Das Verhalten der AOK ist nach Meinung des Verbandsvorsitzenden ein deutliches Zeichen dafür, daß das deutsche Gesundheitswesen in den zurückliegenden Jahren stark heruntergekommen ist. Androhung von Repressalien gegen kritische Ärzte, permanente Diffamierung eines ganzen Berufsstandes, die systematische Verdrängung der Fachärzte aus der Niederlassung, das Hochjubeln der Polikliniken in der ehemaligen DDR, die Erschwerung des Zuganges zur privaten Krankenversicherung und schließlich der Angriff auf die Pressefreiheit sind, so Könen, eindeutige Zeichen dafür, wohin der Weg unter "Rot-Grün" gehen soll. Der Arztberuf ist mittlerweile so unattraktiv geworden, daß der Nachwuchs in andere Berufszweige ausweicht und sich besonders in den neuen Bundesländern bereits ein Ärztemangel bemerkbar macht.

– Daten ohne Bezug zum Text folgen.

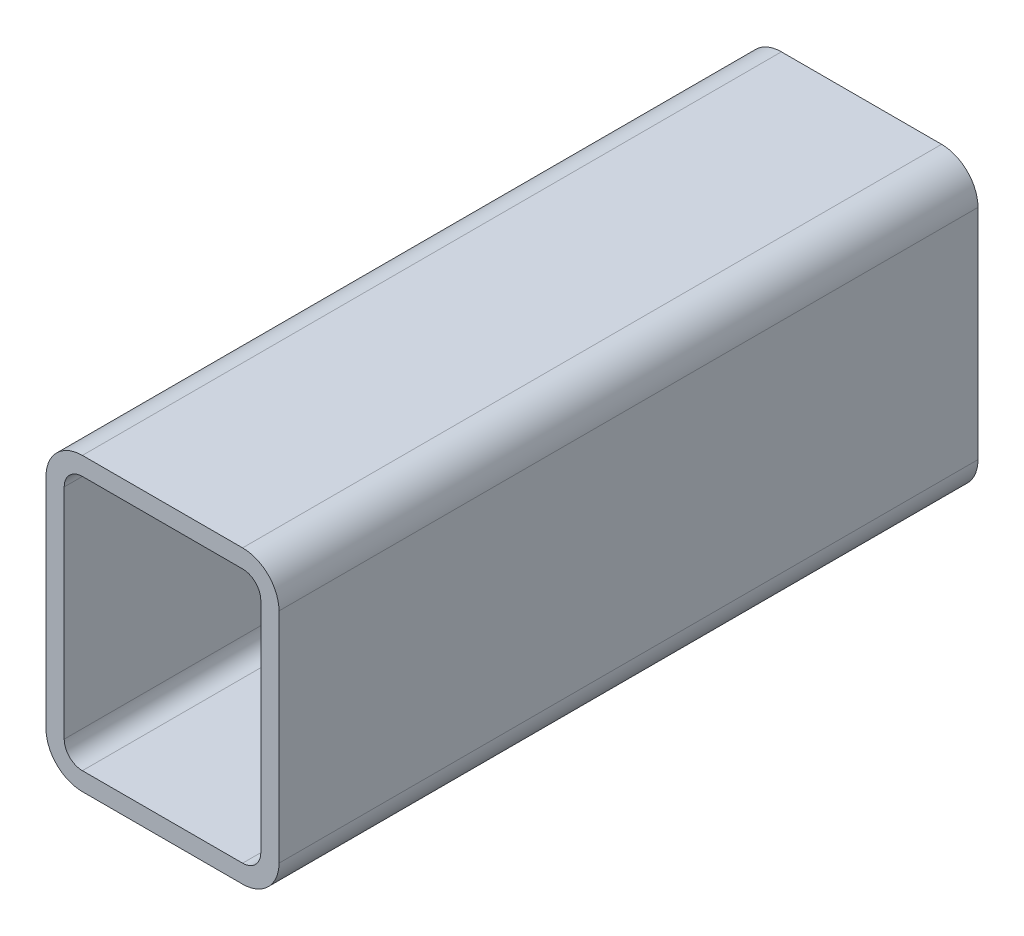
ISO-10303-21;
HEADER;
FILE_DESCRIPTION(('STEP AP214'),'2;1');
FILE_NAME('part.step','',(''),(''),'','','');
FILE_SCHEMA(('AUTOMOTIVE_DESIGN { 1 0 10303 214 1 1 1 1 }'));
ENDSEC;
DATA;
#1=APPLICATION_CONTEXT('core data for automotive mechanical design processes');
#2=APPLICATION_PROTOCOL_DEFINITION('international standard','automotive_design',2000,#1);
#3=PRODUCT_CONTEXT('',#1,'mechanical');
#4=PRODUCT('Part','Part','',(#3));
#5=PRODUCT_RELATED_PRODUCT_CATEGORY('part','',(#4));
#6=PRODUCT_DEFINITION_FORMATION('','',#4);
#7=PRODUCT_DEFINITION_CONTEXT('part definition',#1,'design');
#8=PRODUCT_DEFINITION('design','',#6,#7);
#9=PRODUCT_DEFINITION_SHAPE('','',#8);
#10=(LENGTH_UNIT() NAMED_UNIT(*) SI_UNIT(.MILLI.,.METRE.));
#11=(NAMED_UNIT(*) PLANE_ANGLE_UNIT() SI_UNIT($,.RADIAN.));
#12=(NAMED_UNIT(*) SI_UNIT($,.STERADIAN.) SOLID_ANGLE_UNIT());
#13=UNCERTAINTY_MEASURE_WITH_UNIT(LENGTH_MEASURE(1.E-05),#10,'distance_accuracy_value','');
#14=(GEOMETRIC_REPRESENTATION_CONTEXT(3) GLOBAL_UNCERTAINTY_ASSIGNED_CONTEXT((#13)) GLOBAL_UNIT_ASSIGNED_CONTEXT((#10,
#11,#12)) REPRESENTATION_CONTEXT('',''));
#15=CARTESIAN_POINT('',(0.,0.,0.));
#16=DIRECTION('',(0.,0.,1.));
#17=DIRECTION('',(1.,0.,0.));
#18=AXIS2_PLACEMENT_3D('',#15,#16,#17);
#19=CARTESIAN_POINT('',(17.5501778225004,113.15985662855,304.8));
#20=DIRECTION('',(0.,0.,1.));
#21=DIRECTION('',(1.,0.,0.));
#22=AXIS2_PLACEMENT_3D('',#19,#20,#21);
#23=PLANE('',#22);
#24=CARTESIAN_POINT('',(17.5501778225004,113.15985662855,304.8));
#25=DIRECTION('',(0.,0.,1.));
#26=DIRECTION('',(1.,0.,0.));
#27=AXIS2_PLACEMENT_3D('',#24,#25,#26);
#28=CIRCLE('',#27,15.875);
#29=CARTESIAN_POINT('',(17.5501778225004,129.03485662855,304.8));
#30=VERTEX_POINT('',#29);
#31=CARTESIAN_POINT('',(1.67517782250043,113.15985662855,304.8));
#32=VERTEX_POINT('',#31);
#33=EDGE_CURVE('E211',#30,#32,#28,.T.);
#34=ORIENTED_EDGE('',*,*,#33,.T.);
#35=DIRECTION('',(0.,-1.,0.));
#36=VECTOR('',#35,1.);
#37=CARTESIAN_POINT('',(1.67517782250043,17.90985662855,304.8));
#38=LINE('',#37,#36);
#39=CARTESIAN_POINT('',(1.67517782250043,17.90985662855,304.8));
#40=VERTEX_POINT('',#39);
#41=EDGE_CURVE('E214',#32,#40,#38,.T.);
#42=ORIENTED_EDGE('',*,*,#41,.T.);
#43=CARTESIAN_POINT('',(17.5501778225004,17.90985662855,304.8));
#44=DIRECTION('',(0.,0.,1.));
#45=DIRECTION('',(1.,0.,0.));
#46=AXIS2_PLACEMENT_3D('',#43,#44,#45);
#47=CIRCLE('',#46,15.875);
#48=CARTESIAN_POINT('',(17.5501778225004,2.03485662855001,304.8));
#49=VERTEX_POINT('',#48);
#50=EDGE_CURVE('E217',#40,#49,#47,.T.);
#51=ORIENTED_EDGE('',*,*,#50,.T.);
#52=DIRECTION('',(1.,0.,0.));
#53=VECTOR('',#52,1.);
#54=CARTESIAN_POINT('',(87.4001778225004,2.03485662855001,304.8));
#55=LINE('',#54,#53);
#56=CARTESIAN_POINT('',(87.4001778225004,2.03485662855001,304.8));
#57=VERTEX_POINT('',#56);
#58=EDGE_CURVE('E219',#49,#57,#55,.T.);
#59=ORIENTED_EDGE('',*,*,#58,.T.);
#60=CARTESIAN_POINT('',(87.4001778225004,17.90985662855,304.8));
#61=DIRECTION('',(0.,0.,1.));
#62=DIRECTION('',(1.,0.,0.));
#63=AXIS2_PLACEMENT_3D('',#60,#61,#62);
#64=CIRCLE('',#63,15.875);
#65=CARTESIAN_POINT('',(103.2751778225,17.90985662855,304.8));
#66=VERTEX_POINT('',#65);
#67=EDGE_CURVE('E221',#57,#66,#64,.T.);
#68=ORIENTED_EDGE('',*,*,#67,.T.);
#69=DIRECTION('',(0.,1.,0.));
#70=VECTOR('',#69,1.);
#71=CARTESIAN_POINT('',(103.2751778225,113.15985662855,304.8));
#72=LINE('',#71,#70);
#73=CARTESIAN_POINT('',(103.2751778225,113.15985662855,304.8));
#74=VERTEX_POINT('',#73);
#75=EDGE_CURVE('E223',#66,#74,#72,.T.);
#76=ORIENTED_EDGE('',*,*,#75,.T.);
#77=CARTESIAN_POINT('',(87.4001778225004,113.15985662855,304.8));
#78=DIRECTION('',(0.,0.,1.));
#79=DIRECTION('',(1.,0.,0.));
#80=AXIS2_PLACEMENT_3D('',#77,#78,#79);
#81=CIRCLE('',#80,15.875);
#82=CARTESIAN_POINT('',(87.4001778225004,129.03485662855,304.8));
#83=VERTEX_POINT('',#82);
#84=EDGE_CURVE('E225',#74,#83,#81,.T.);
#85=ORIENTED_EDGE('',*,*,#84,.T.);
#86=DIRECTION('',(-1.,0.,0.));
#87=VECTOR('',#86,1.);
#88=CARTESIAN_POINT('',(17.5501778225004,129.03485662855,304.8));
#89=LINE('',#88,#87);
#90=EDGE_CURVE('E227',#83,#30,#89,.T.);
#91=ORIENTED_EDGE('',*,*,#90,.T.);
#92=EDGE_LOOP('',(#34,#42,#51,#59,#68,#76,#85,#91));
#93=FACE_BOUND('',#92,.T.);
#94=DIRECTION('',(0.,-1.,0.));
#95=VECTOR('',#94,1.);
#96=CARTESIAN_POINT('',(9.61267782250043,17.90985662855,304.8));
#97=LINE('',#96,#95);
#98=CARTESIAN_POINT('',(9.61267782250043,113.15985662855,304.8));
#99=VERTEX_POINT('',#98);
#100=CARTESIAN_POINT('',(9.61267782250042,17.90985662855,304.8));
#101=VERTEX_POINT('',#100);
#102=EDGE_CURVE('E154',#99,#101,#97,.T.);
#103=ORIENTED_EDGE('',*,*,#102,.F.);
#104=CARTESIAN_POINT('',(17.5501778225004,113.15985662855,304.8));
#105=DIRECTION('',(0.,0.,1.));
#106=DIRECTION('',(1.,0.,0.));
#107=AXIS2_PLACEMENT_3D('',#104,#105,#106);
#108=CIRCLE('',#107,7.9375);
#109=CARTESIAN_POINT('',(17.5501778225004,121.09735662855,304.8));
#110=VERTEX_POINT('',#109);
#111=EDGE_CURVE('E146',#110,#99,#108,.T.);
#112=ORIENTED_EDGE('',*,*,#111,.F.);
#113=DIRECTION('',(-1.,0.,0.));
#114=VECTOR('',#113,1.);
#115=CARTESIAN_POINT('',(17.5501778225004,121.09735662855,304.8));
#116=LINE('',#115,#114);
#117=CARTESIAN_POINT('',(87.4001778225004,121.09735662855,304.8));
#118=VERTEX_POINT('',#117);
#119=EDGE_CURVE('E179',#118,#110,#116,.T.);
#120=ORIENTED_EDGE('',*,*,#119,.F.);
#121=CARTESIAN_POINT('',(87.4001778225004,113.15985662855,304.8));
#122=DIRECTION('',(0.,0.,1.));
#123=DIRECTION('',(1.,0.,0.));
#124=AXIS2_PLACEMENT_3D('',#121,#122,#123);
#125=CIRCLE('',#124,7.9375);
#126=CARTESIAN_POINT('',(95.3376778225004,113.15985662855,304.8));
#127=VERTEX_POINT('',#126);
#128=EDGE_CURVE('E177',#127,#118,#125,.T.);
#129=ORIENTED_EDGE('',*,*,#128,.F.);
#130=DIRECTION('',(0.,1.,0.));
#131=VECTOR('',#130,1.);
#132=CARTESIAN_POINT('',(95.3376778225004,113.15985662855,304.8));
#133=LINE('',#132,#131);
#134=CARTESIAN_POINT('',(95.3376778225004,17.90985662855,304.8));
#135=VERTEX_POINT('',#134);
#136=EDGE_CURVE('E175',#135,#127,#133,.T.);
#137=ORIENTED_EDGE('',*,*,#136,.F.);
#138=CARTESIAN_POINT('',(87.4001778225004,17.90985662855,304.8));
#139=DIRECTION('',(0.,0.,1.));
#140=DIRECTION('',(1.,0.,0.));
#141=AXIS2_PLACEMENT_3D('',#138,#139,#140);
#142=CIRCLE('',#141,7.9375);
#143=CARTESIAN_POINT('',(87.4001778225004,9.97235662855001,304.8));
#144=VERTEX_POINT('',#143);
#145=EDGE_CURVE('E173',#144,#135,#142,.T.);
#146=ORIENTED_EDGE('',*,*,#145,.F.);
#147=DIRECTION('',(1.,0.,0.));
#148=VECTOR('',#147,1.);
#149=CARTESIAN_POINT('',(87.4001778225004,9.97235662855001,304.8));
#150=LINE('',#149,#148);
#151=CARTESIAN_POINT('',(17.5501778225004,9.97235662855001,304.8));
#152=VERTEX_POINT('',#151);
#153=EDGE_CURVE('E169',#152,#144,#150,.T.);
#154=ORIENTED_EDGE('',*,*,#153,.F.);
#155=CARTESIAN_POINT('',(17.5501778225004,17.90985662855,304.8));
#156=DIRECTION('',(0.,0.,1.));
#157=DIRECTION('',(1.,0.,0.));
#158=AXIS2_PLACEMENT_3D('',#155,#156,#157);
#159=CIRCLE('',#158,7.9375);
#160=EDGE_CURVE('E167',#101,#152,#159,.T.);
#161=ORIENTED_EDGE('',*,*,#160,.F.);
#162=EDGE_LOOP('',(#103,#112,#120,#129,#137,#146,#154,#161));
#163=FACE_BOUND('',#162,.T.);
#164=ADVANCED_FACE('F33',(#93,#163),#23,.T.);
#165=CARTESIAN_POINT('',(17.5501778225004,113.15985662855,0.));
#166=DIRECTION('',(0.,0.,1.));
#167=DIRECTION('',(1.,0.,0.));
#168=AXIS2_PLACEMENT_3D('',#165,#166,#167);
#169=PLANE('',#168);
#170=CARTESIAN_POINT('',(17.5501778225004,113.15985662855,0.));
#171=DIRECTION('',(0.,0.,1.));
#172=DIRECTION('',(1.,0.,0.));
#173=AXIS2_PLACEMENT_3D('',#170,#171,#172);
#174=CIRCLE('',#173,15.875);
#175=CARTESIAN_POINT('',(17.5501778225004,129.03485662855,0.));
#176=VERTEX_POINT('',#175);
#177=CARTESIAN_POINT('',(1.67517782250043,113.15985662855,0.));
#178=VERTEX_POINT('',#177);
#179=EDGE_CURVE('E162',#176,#178,#174,.T.);
#180=ORIENTED_EDGE('',*,*,#179,.F.);
#181=DIRECTION('',(-1.,0.,0.));
#182=VECTOR('',#181,1.);
#183=CARTESIAN_POINT('',(17.5501778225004,129.03485662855,0.));
#184=LINE('',#183,#182);
#185=CARTESIAN_POINT('',(87.4001778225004,129.03485662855,0.));
#186=VERTEX_POINT('',#185);
#187=EDGE_CURVE('E215',#186,#176,#184,.T.);
#188=ORIENTED_EDGE('',*,*,#187,.F.);
#189=CARTESIAN_POINT('',(87.4001778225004,113.15985662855,0.));
#190=DIRECTION('',(0.,0.,1.));
#191=DIRECTION('',(1.,0.,0.));
#192=AXIS2_PLACEMENT_3D('',#189,#190,#191);
#193=CIRCLE('',#192,15.875);
#194=CARTESIAN_POINT('',(103.2751778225,113.15985662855,0.));
#195=VERTEX_POINT('',#194);
#196=EDGE_CURVE('E242',#195,#186,#193,.T.);
#197=ORIENTED_EDGE('',*,*,#196,.F.);
#198=DIRECTION('',(0.,1.,0.));
#199=VECTOR('',#198,1.);
#200=CARTESIAN_POINT('',(103.2751778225,113.15985662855,0.));
#201=LINE('',#200,#199);
#202=CARTESIAN_POINT('',(103.2751778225,17.90985662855,0.));
#203=VERTEX_POINT('',#202);
#204=EDGE_CURVE('E240',#203,#195,#201,.T.);
#205=ORIENTED_EDGE('',*,*,#204,.F.);
#206=CARTESIAN_POINT('',(87.4001778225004,17.90985662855,0.));
#207=DIRECTION('',(0.,0.,1.));
#208=DIRECTION('',(1.,0.,0.));
#209=AXIS2_PLACEMENT_3D('',#206,#207,#208);
#210=CIRCLE('',#209,15.875);
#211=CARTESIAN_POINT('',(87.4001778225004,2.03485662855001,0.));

"Das Haus steht in Flammen und jeder der meint, Zeit für Experimente zu haben, wird für seine vielleicht wohlgemeinten Reformen nur noch verkohlte Reste vorfinden", warnt Könen die politisch Verantwortlichen. "Die Patienten werden zunehmend mit langen Wartezeiten zu rechnen haben, so wie dies bereits in England und den Skandinavischen Ländern der Fall ist. Wir wollen einen sozialen aber keinen sozialistischen Staat. Wir wollen ein zukunftsorientiertes und liberales Land in einem geeinigten Europa, in dem selbstbewußte und eigenverantwortlich handelnde Bürger eine qualifizierte Medizin erhalten können. Es darf nicht sein, daß eine überbordende Bürokratie die Gelder verschlingt und staatliche Planwirtschaft zur Verödung unseres Staates führt."